■ **PROBLEM DETAILS**: Leaving out the pictures, output each record exactly as it stands.

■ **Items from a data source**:
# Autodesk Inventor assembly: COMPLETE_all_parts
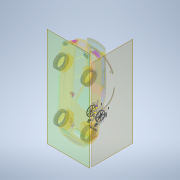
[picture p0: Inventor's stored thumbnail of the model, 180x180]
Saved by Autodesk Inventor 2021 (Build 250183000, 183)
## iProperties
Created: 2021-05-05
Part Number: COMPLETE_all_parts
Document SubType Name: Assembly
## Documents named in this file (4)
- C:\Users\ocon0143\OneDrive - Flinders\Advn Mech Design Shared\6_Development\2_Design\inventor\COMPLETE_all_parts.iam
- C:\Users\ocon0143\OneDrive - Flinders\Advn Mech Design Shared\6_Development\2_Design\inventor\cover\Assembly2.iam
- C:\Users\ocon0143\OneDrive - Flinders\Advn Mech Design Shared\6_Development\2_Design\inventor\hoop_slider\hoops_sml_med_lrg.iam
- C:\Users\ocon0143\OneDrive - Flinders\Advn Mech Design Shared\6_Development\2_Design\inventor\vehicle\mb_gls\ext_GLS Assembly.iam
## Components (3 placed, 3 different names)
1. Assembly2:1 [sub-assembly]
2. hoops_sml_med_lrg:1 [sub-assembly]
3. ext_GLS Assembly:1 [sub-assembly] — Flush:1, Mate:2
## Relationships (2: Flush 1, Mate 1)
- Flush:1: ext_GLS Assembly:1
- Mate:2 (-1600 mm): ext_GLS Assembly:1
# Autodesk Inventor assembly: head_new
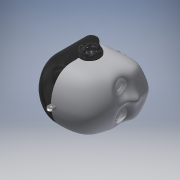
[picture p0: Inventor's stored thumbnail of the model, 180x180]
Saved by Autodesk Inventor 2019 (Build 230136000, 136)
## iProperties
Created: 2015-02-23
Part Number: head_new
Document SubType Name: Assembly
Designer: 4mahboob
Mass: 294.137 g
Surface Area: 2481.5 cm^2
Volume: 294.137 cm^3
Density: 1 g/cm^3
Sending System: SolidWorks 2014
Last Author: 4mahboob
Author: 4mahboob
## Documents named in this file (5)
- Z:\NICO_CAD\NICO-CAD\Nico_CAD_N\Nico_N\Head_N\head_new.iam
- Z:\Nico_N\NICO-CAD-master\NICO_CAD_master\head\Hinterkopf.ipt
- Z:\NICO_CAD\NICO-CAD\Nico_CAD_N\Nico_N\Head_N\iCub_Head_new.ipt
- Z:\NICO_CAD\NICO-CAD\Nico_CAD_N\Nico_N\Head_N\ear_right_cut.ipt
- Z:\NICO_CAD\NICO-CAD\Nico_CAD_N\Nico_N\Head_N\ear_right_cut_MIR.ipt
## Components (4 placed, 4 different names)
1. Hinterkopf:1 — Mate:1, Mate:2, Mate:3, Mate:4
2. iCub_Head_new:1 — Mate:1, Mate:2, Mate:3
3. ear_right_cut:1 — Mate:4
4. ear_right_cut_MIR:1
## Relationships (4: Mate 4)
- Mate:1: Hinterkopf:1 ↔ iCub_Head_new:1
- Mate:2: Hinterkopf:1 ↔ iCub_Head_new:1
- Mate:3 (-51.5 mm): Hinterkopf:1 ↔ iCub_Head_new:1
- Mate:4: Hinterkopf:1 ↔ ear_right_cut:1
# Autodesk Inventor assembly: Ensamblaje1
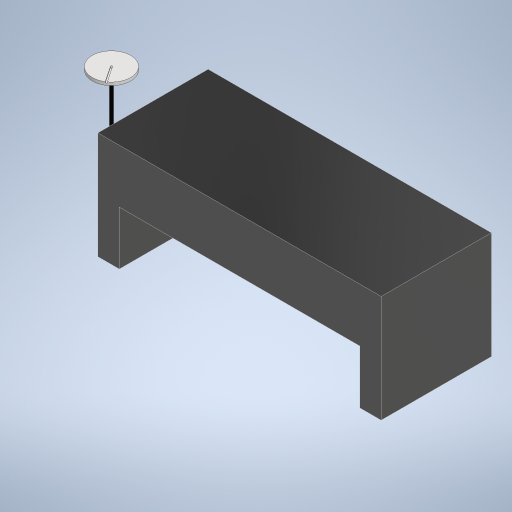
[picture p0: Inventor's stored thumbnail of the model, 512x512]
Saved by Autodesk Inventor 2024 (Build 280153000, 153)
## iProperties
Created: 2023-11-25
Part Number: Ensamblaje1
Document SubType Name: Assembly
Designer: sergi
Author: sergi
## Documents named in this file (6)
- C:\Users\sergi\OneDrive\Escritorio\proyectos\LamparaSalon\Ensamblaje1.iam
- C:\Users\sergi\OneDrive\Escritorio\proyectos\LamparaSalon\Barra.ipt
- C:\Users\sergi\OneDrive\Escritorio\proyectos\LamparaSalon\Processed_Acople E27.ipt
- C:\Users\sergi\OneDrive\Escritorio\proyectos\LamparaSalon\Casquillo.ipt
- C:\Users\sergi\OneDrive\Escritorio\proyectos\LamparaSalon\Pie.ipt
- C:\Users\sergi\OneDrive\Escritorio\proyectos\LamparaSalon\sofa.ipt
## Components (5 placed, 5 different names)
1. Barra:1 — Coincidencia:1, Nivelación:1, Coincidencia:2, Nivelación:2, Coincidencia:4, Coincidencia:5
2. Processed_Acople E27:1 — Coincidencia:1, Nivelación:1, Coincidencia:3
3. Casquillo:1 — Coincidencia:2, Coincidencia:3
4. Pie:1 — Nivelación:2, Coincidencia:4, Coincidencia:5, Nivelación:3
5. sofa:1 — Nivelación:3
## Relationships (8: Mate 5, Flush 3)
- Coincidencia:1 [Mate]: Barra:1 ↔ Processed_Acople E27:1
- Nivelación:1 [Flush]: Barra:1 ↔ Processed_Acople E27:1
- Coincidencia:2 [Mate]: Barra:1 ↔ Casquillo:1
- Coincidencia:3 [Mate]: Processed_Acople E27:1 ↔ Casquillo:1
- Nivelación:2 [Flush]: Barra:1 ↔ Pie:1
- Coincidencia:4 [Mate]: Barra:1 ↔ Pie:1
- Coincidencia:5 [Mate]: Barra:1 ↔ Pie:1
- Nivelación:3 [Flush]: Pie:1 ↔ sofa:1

■ **REPLY**:
# Autodesk Inventor assembly: COMPLETE_all_parts
[picture p0: Inventor's stored thumbnail of the model, 180x180]
Saved by Autodesk Inventor 2021 (Build 250183000, 183)
## iProperties
Created: 2021-05-05
Part Number: COMPLETE_all_parts
Document SubType Name: Assembly
## Documents named in this file (4)
- C:\Users\ocon0143\OneDrive - Flinders\Advn Mech Design Shared\6_Development\2_Design\inventor\COMPLETE_all_parts.iam
- C:\Users\ocon0143\OneDrive - Flinders\Advn Mech Design Shared\6_Development\2_Design\inventor\cover\Assembly2.iam
- C:\Users\ocon0143\OneDrive - Flinders\Advn Mech Design Shared\6_Development\2_Design\inventor\hoop_slider\hoops_sml_med_lrg.iam
- C:\Users\ocon0143\OneDrive - Flinders\Advn Mech Design Shared\6_Development\2_Design\inventor\vehicle\mb_gls\ext_GLS Assembly.iam
## Components (3 placed, 3 different names)
1. Assembly2:1 [sub-assembly]
2. hoops_sml_med_lrg:1 [sub-assembly]
3. ext_GLS Assembly:1 [sub-assembly] — Flush:1, Mate:2
## Relationships (2: Flush 1, Mate 1)
- Flush:1: ext_GLS Assembly:1
- Mate:2 (-1600 mm): ext_GLS Assembly:1
# Autodesk Inventor assembly: head_new
[picture p0: Inventor's stored thumbnail of the model, 180x180]
Saved by Autodesk Inventor 2019 (Build 230136000, 136)
## iProperties
Created: 2015-02-23
Part Number: head_new
Document SubType Name: Assembly
Designer: 4mahboob
Mass: 294.137 g
Surface Area: 2481.5 cm^2
Volume: 294.137 cm^3
Density: 1 g/cm^3
Sending System: SolidWorks 2014
Last Author: 4mahboob
Author: 4mahboob
## Documents named in this file (5)
- Z:\NICO_CAD\NICO-CAD\Nico_CAD_N\Nico_N\Head_N\head_new.iam
- Z:\Nico_N\NICO-CAD-master\NICO_CAD_master\head\Hinterkopf.ipt
- Z:\NICO_CAD\NICO-CAD\Nico_CAD_N\Nico_N\Head_N\iCub_Head_new.ipt
- Z:\NICO_CAD\NICO-CAD\Nico_CAD_N\Nico_N\Head_N\ear_right_cut.ipt
- Z:\NICO_CAD\NICO-CAD\Nico_CAD_N\Nico_N\Head_N\ear_right_cut_MIR.ipt
## Components (4 placed, 4 different names)
1. Hinterkopf:1 — Mate:1, Mate:2, Mate:3, Mate:4
2. iCub_Head_new:1 — Mate:1, Mate:2, Mate:3
3. ear_right_cut:1 — Mate:4
4. ear_right_cut_MIR:1
## Relationships (4: Mate 4)
- Mate:1: Hinterkopf:1 ↔ iCub_Head_new:1
- Mate:2: Hinterkopf:1 ↔ iCub_Head_new:1
- Mate:3 (-51.5 mm): Hinterkopf:1 ↔ iCub_Head_new:1
- Mate:4: Hinterkopf:1 ↔ ear_right_cut:1
# Autodesk Inventor assembly: Ensamblaje1
[picture p0: Inventor's stored thumbnail of the model, 512x512]
Saved by Autodesk Inventor 2024 (Build 280153000, 153)
## iProperties
Created: 2023-11-25
Part Number: Ensamblaje1
Document SubType Name: Assembly
Designer: sergi
Author: sergi
## Documents named in this file (6)
- C:\Users\sergi\OneDrive\Escritorio\proyectos\LamparaSalon\Ensamblaje1.iam
- C:\Users\sergi\OneDrive\Escritorio\proyectos\LamparaSalon\Barra.ipt
- C:\Users\sergi\OneDrive\Escritorio\proyectos\LamparaSalon\Processed_Acople E27.ipt
- C:\Users\sergi\OneDrive\Escritorio\proyectos\LamparaSalon\Casquillo.ipt
- C:\Users\sergi\OneDrive\Escritorio\proyectos\LamparaSalon\Pie.ipt
- C:\Users\sergi\OneDrive\Escritorio\proyectos\LamparaSalon\sofa.ipt
## Components (5 placed, 5 different names)
1. Barra:1 — Coincidencia:1, Nivelación:1, Coincidencia:2, Nivelación:2, Coincidencia:4, Coincidencia:5
2. Processed_Acople E27:1 — Coincidencia:1, Nivelación:1, Coincidencia:3
3. Casquillo:1 — Coincidencia:2, Coincidencia:3
4. Pie:1 — Nivelación:2, Coincidencia:4, Coincidencia:5, Nivelación:3
5. sofa:1 — Nivelación:3
## Relationships (8: Mate 5, Flush 3)
- Coincidencia:1 [Mate]: Barra:1 ↔ Processed_Acople E27:1
- Nivelación:1 [Flush]: Barra:1 ↔ Processed_Acople E27:1
- Coincidencia:2 [Mate]: Barra:1 ↔ Casquillo:1
- Coincidencia:3 [Mate]: Processed_Acople E27:1 ↔ Casquillo:1
- Nivelación:2 [Flush]: Barra:1 ↔ Pie:1
- Coincidencia:4 [Mate]: Barra:1 ↔ Pie:1
- Coincidencia:5 [Mate]: Barra:1 ↔ Pie:1
- Nivelación:3 [Flush]: Pie:1 ↔ sofa:1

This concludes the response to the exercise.